Proxima AI

A sleek, responsive Retrieval-Augmented Generation (RAG) AI chat application built with Blazor Server. It enables users to upload `.pdf`, `.docx`, `.txt`, and `.md` documents securely, dynamically extracting vectors from the text to power a highly intelligent, context-aware AI assistant. Featuring a persistent multi-thread conversational tracking—all without demanding users log in or create an account.

What I Did

Key technical highlights and implementation details include:

  • Plug-and-Play Anonymous Sessions: I wanted casual users to have instant access to the application without authentication friction. I engineered secure HTTP-only middleware to transparently generate and attach a persistent UUID cookie to routing traffic. This effortlessly separated user environments securely, mapping visitors specifically to their targeted vector partitions and local conversation streams.
  • Retrieval-Augmented Generation (RAG) Pipeline: The core intelligence of the app relies on a rigorous RAG architecture. When a user uploads a document, the `DataIngestor` service parses paragraphs dynamically and creates mathematical vector embeddings using Microsoft's `IEmbeddingGenerator`. These embeddings are stored locally within an SQLite semantic vector database partitioned by the user's Session ID. When chatting, the backend intercepts the prompt, executes a cosine similarity search across the vectors, and injects the highest-relevance text chunks seamlessly into the LLM context window.
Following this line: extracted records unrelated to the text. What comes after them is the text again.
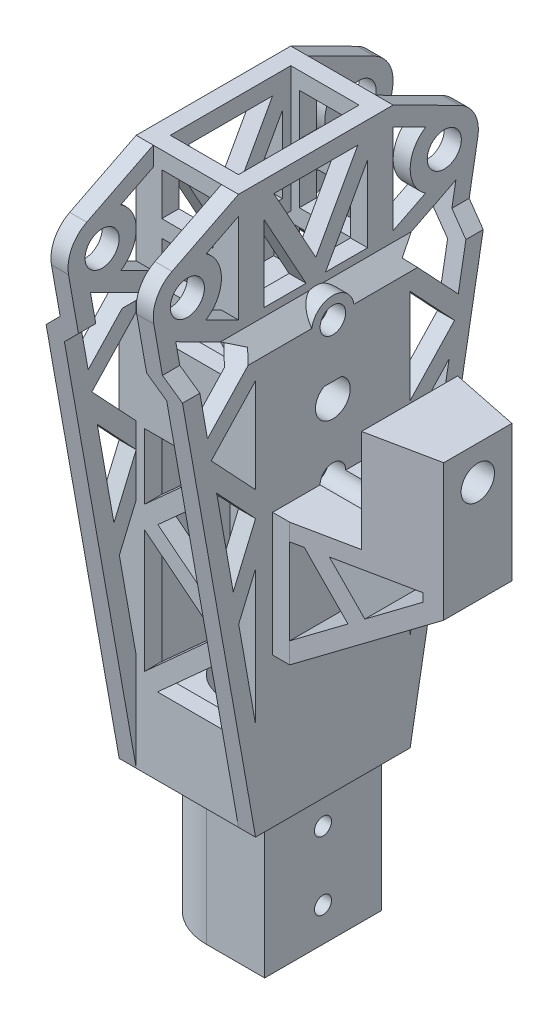
SolidWorks part; units mm, degrees
other "Markup1"
sketch "Sketch125" plane through (39.6875, -63.7385, 30.2705) normal (0.4776, -0.0046, 0.8786) x (0.8777, 0.0477, -0.4769)
material "Oynx"
ref_plane "Front Plane" through (0, 0, 0) normal (0, 0, 1) x (1, 0, 0)
ref_plane "Top Plane" through (0, 0, 0) normal (0, 1, 0) x (1, 0, 0)
ref_plane "Right Plane" through (0, 0, 0) normal (1, 0, 0) x (0, 0, -1)
sketch "Sketch1" plane through (0, 0, 0) normal (0, 1, 0) x (1, 0, 0)
  line L1 (-9.525, -14.3954) -> (9.525, -14.3954)
  line L2 (-9.525, -14.3954) -> (-9.525, 14.3954)
  line L3 (-9.525, 14.3954) -> (9.525, 14.3954)
  line L4 (9.525, -14.3954) -> (9.525, 14.3954)
  line L5 (-9.525, -14.3954) -> (9.525, 14.3954) construction
  line L6 (-9.525, 14.3954) -> (9.525, -14.3954) construction
  point P0 (0, 0)
  dimension "D1" = 28.7909
  dimension "D2" = 19.05
extrude "Boss-Extrude1" add sketch "Sketch1" along normal mid plane 127.4771 contours L3 L4 L1 L2
sketch "Sketch2" plane through (0, -63.7385, 0) normal (0, -1, 0) x (1, 0, 0)
  line L1 (-9.525, -9.525) -> (9.525, -9.525)
  line L2 (-9.525, -9.525) -> (-9.525, 9.525)
  line L3 (-9.525, 9.525) -> (9.525, 9.525)
  line L4 (9.525, -9.525) -> (9.525, 9.525)
  line L5 (-9.525, -9.525) -> (9.525, 9.525) construction
  line L6 (-9.525, 9.525) -> (9.525, -9.525) construction
  point P0 (0, 0)
  dimension "D1" = 19.05
extrude "Cut-Extrude1" cut sketch "Sketch2" against normal blind 25.4 flip side to cut contours L3 L4 L1 L2
sketch "Sketch30" plane through (0, 0, 0) normal (0, 0, 1) x (1, 0, 0)
  line L0 (9.525, -38.3385) -> (-9.525, -38.3385) construction
  line L1 (-9.525, 63.7385) -> (-12.7, 63.7385)
  line L2 (-9.525, 63.7385) -> (-9.525, -38.3385)
  line L3 (-9.525, -38.3385) -> (-12.7, -38.3385)
  line L4 (-12.7, 63.7385) -> (-12.7, -38.3385)
  line L6 (9.525, 63.7385) -> (12.7, 63.7385)
  line L7 (9.525, 63.7385) -> (9.525, -38.3385)
  line L8 (9.525, -38.3385) -> (12.7, -38.3385)
  line L9 (12.7, 63.7385) -> (12.7, -38.3385)
  dimension "D1" = 3.175
extrude "Boss-Extrude8" add sketch "Sketch30" along normal up to surface and the other way up to surface up to face at (0, 12.7, 14.3954) other way up to face at (0, 12.7, -14.3954)
sketch "Sketch115" plane through (0, -38.3385, 0) normal (0, -1, 0) x (1, 0, 0)
  line L1 (-10.8585, -10.8585) -> (10.8585, -10.8585)
  line L2 (-10.8585, -10.8585) -> (-10.8585, 10.8585)
  line L3 (-10.8585, 10.8585) -> (10.8585, 10.8585)
  line L4 (10.8585, -10.8585) -> (10.8585, 10.8585)
  line L5 (-10.8585, -10.8585) -> (10.8585, 10.8585) construction
  line L6 (-10.8585, 10.8585) -> (10.8585, -10.8585) construction
  line L11 (9.525, 9.525) -> (-9.525, 9.525)
  line L12 (-9.525, 9.525) -> (-9.525, -9.525)
  line L13 (-9.525, -9.525) -> (9.525, -9.525)
  line L14 (9.525, -9.525) -> (9.525, 9.525)
  line L15 (9.525, 9.525) -> (-9.525, 9.525)
  line L16 (-9.525, 9.525) -> (-9.525, -9.525)
  line L17 (-9.525, -9.525) -> (9.525, -9.525)
  line L18 (9.525, -9.525) -> (9.525, 9.525)
  point P0 (0, 0)
  dimension "D1" = 21.717
  dimension "D2" = 0
extrude "Boss-Extrude13" add sketch "Sketch115" along normal up to surface (25.4 mm away) up to face at (0, -63.7385, 0)
sketch "Sketch81" plane through (0, -63.7385, 0) normal (0, -1, 0) x (1, 0, 0)
  line L0 (10.8585, 10.8585) -> (-10.8585, 10.8585) construction
  line L1 (0, 10.8585) -> (-10.8585, 10.8585)
  line L8 (-10.8585, 10.8585) -> (-10.8585, 0)
  line L14 (-10.8585, 0) -> (-10.8585, -10.8585)
  line L15 (-10.8585, -10.8585) -> (0, -10.8585)
  arc A2 (0, 10.8585) -> (0, -10.8585) centre (0, 0) ccw
  arc A3 (0, -10.8585) -> (0, 10.8585) centre (0, 0) ccw construction
  line M22 (-10.8585, -10.8585) -> (10.8585, -10.8585)
  line M24 (10.8585, 10.8585) -> (-10.8585, 10.8585)
  line M25 (-10.8585, 10.8585) -> (-10.8585, -10.8585)
extrude "Cut-Extrude37" cut sketch "Sketch81" against normal up to surface (25.4 mm away) contours A2 M24 M25 | A2 M25 M22 region at (-8.4331, -63.7385, 8.4331) region at (-8.4331, -63.7385, -8.4331) up to face at (0, -38.3385, 0)
sketch "Sketch62" plane through (12.7, 0, 0) normal (1, 0, 0) x (0, 0, -1)
  line L0 (0, 25.1615) -> (0, -38.3385) construction
  line L1 (-14.3955, -38.3385) -> (14.3955, -38.3385) construction
  line L2 (1.651, 27.9475) -> (-1.651, 27.9475)
  arc A0 (-1.651, 27.9475) -> (1.651, 27.9475) centre (0, 25.1615) ccw
  dimension "D2" = 6.477
  dimension "D1" = 63.5
  dimension "D3" = 3.302
extrude "Cut-Extrude31_D-ShaftHole" cut sketch "Sketch62" against normal through all
sketch "Sketch22" plane through (0, -63.7385, 0) normal (0, -1, 0) x (1, 0, 0)
  line L6 (0, -7.6835) -> (7.6835, -7.6835)
  line L7 (7.6835, -7.6835) -> (7.6835, 7.6835)
  line L8 (7.6835, 7.6835) -> (0, 7.6835)
  line L9 (0, -7.6835) -> (7.6835, -7.6835)
  line L10 (7.6835, -7.6835) -> (7.6835, 7.6835)
  line L11 (7.6835, 7.6835) -> (0, 7.6835)
  arc A3 (0, 7.6835) -> (0, -7.6835) centre (0, 0) ccw
  arc A4 (0, 7.6835) -> (0, -7.6835) centre (0, 0) ccw
  dimension "D1" = 3.175
extrude "Cut-Extrude4_BottomHole" cut sketch "Sketch22" against normal blind 38.1
sketch "Sketch26" plane through (0, 0, 0) normal (1, 0, 0) x (0, 0, -1)
  line L0 (-14.3955, 63.7385) -> (-14.3955, -38.3385) construction
  line L1 (0, 65.1622) -> (0, -27.4319) construction
  line L2 (-14.3955, 63.7385) -> (-26.7765, 57.5038)
  line L3 (-14.3955, 39.926) -> (-29.6181, 47.5918) construction
  line L4 (-23.9205, 51.8323) -> (-14.3955, 51.8323) construction
  line L5 (-14.3955, 63.7385) -> (-14.3955, 51.8323) construction
  line L6 (-14.3955, 51.8323) -> (-14.3955, 39.926) construction
  line L7 (-14.3955, 43.4809) -> (-20.4368, 46.5232)
  line L8 (-17.4161, 45.002) -> (-18.8441, 42.1663) construction
  line L9 (-14.3955, 60.1837) -> (-20.4368, 57.1414)
  line L10 (-17.4161, 58.6626) -> (-18.8441, 61.4983) construction
  line L11 (-14.3955, 63.7385) -> (-14.3955, 60.1837)
  line L12 (-14.3955, 43.4809) -> (-14.3955, 39.926) construction
  line L13 (-30.1731, 50.7246) -> (-14.3955, -38.3385)
  line L14 (-14.3955, 43.4809) -> (-14.3955, -38.3385)
  line L15 (14.3955, 43.4809) -> (14.3955, 39.926) construction
  line L16 (17.4161, 58.6626) -> (18.8441, 61.4983) construction
  line L17 (17.4161, 45.002) -> (18.8441, 42.1663) construction
  line L18 (14.3955, 51.8323) -> (14.3955, 39.926) construction
  line L19 (14.3955, 63.7385) -> (14.3955, 51.8323) construction
  line L20 (23.9205, 51.8323) -> (14.3955, 51.8323) construction
  line L21 (14.3955, 39.926) -> (29.6181, 47.5918) construction
  line L22 (14.3955, 43.4809) -> (14.3955, -38.3385)
  line L23 (30.1731, 50.7246) -> (14.3955, -38.3385)
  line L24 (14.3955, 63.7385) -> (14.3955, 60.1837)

Bounded by a strict custom `SystemPrompt`, the AI generates contextual, cited answers directly from those specific texts, effectively neutralizing hallucination risks.
  • Multi-Conversation Persistence:A raw SQLite database instance allowed me to cleanly serialize and deserialize chat interfaces on the fly. I constructed a scoped SQLite `ConversationRepository` to dynamically pull and update tracking histories chronologically the moment users input new textual context.
  • AI Auto-Titling Engine: Implemented an asynchronous background algorithm that intercepts the very first message of any empty thread. The logic triggers a lightweight, ephemeral OpenAI call explicitly instructed to bypass normal instructions and just summarize the text into a clean 3-5 word label for the sidebar, keeping session management remarkably clean.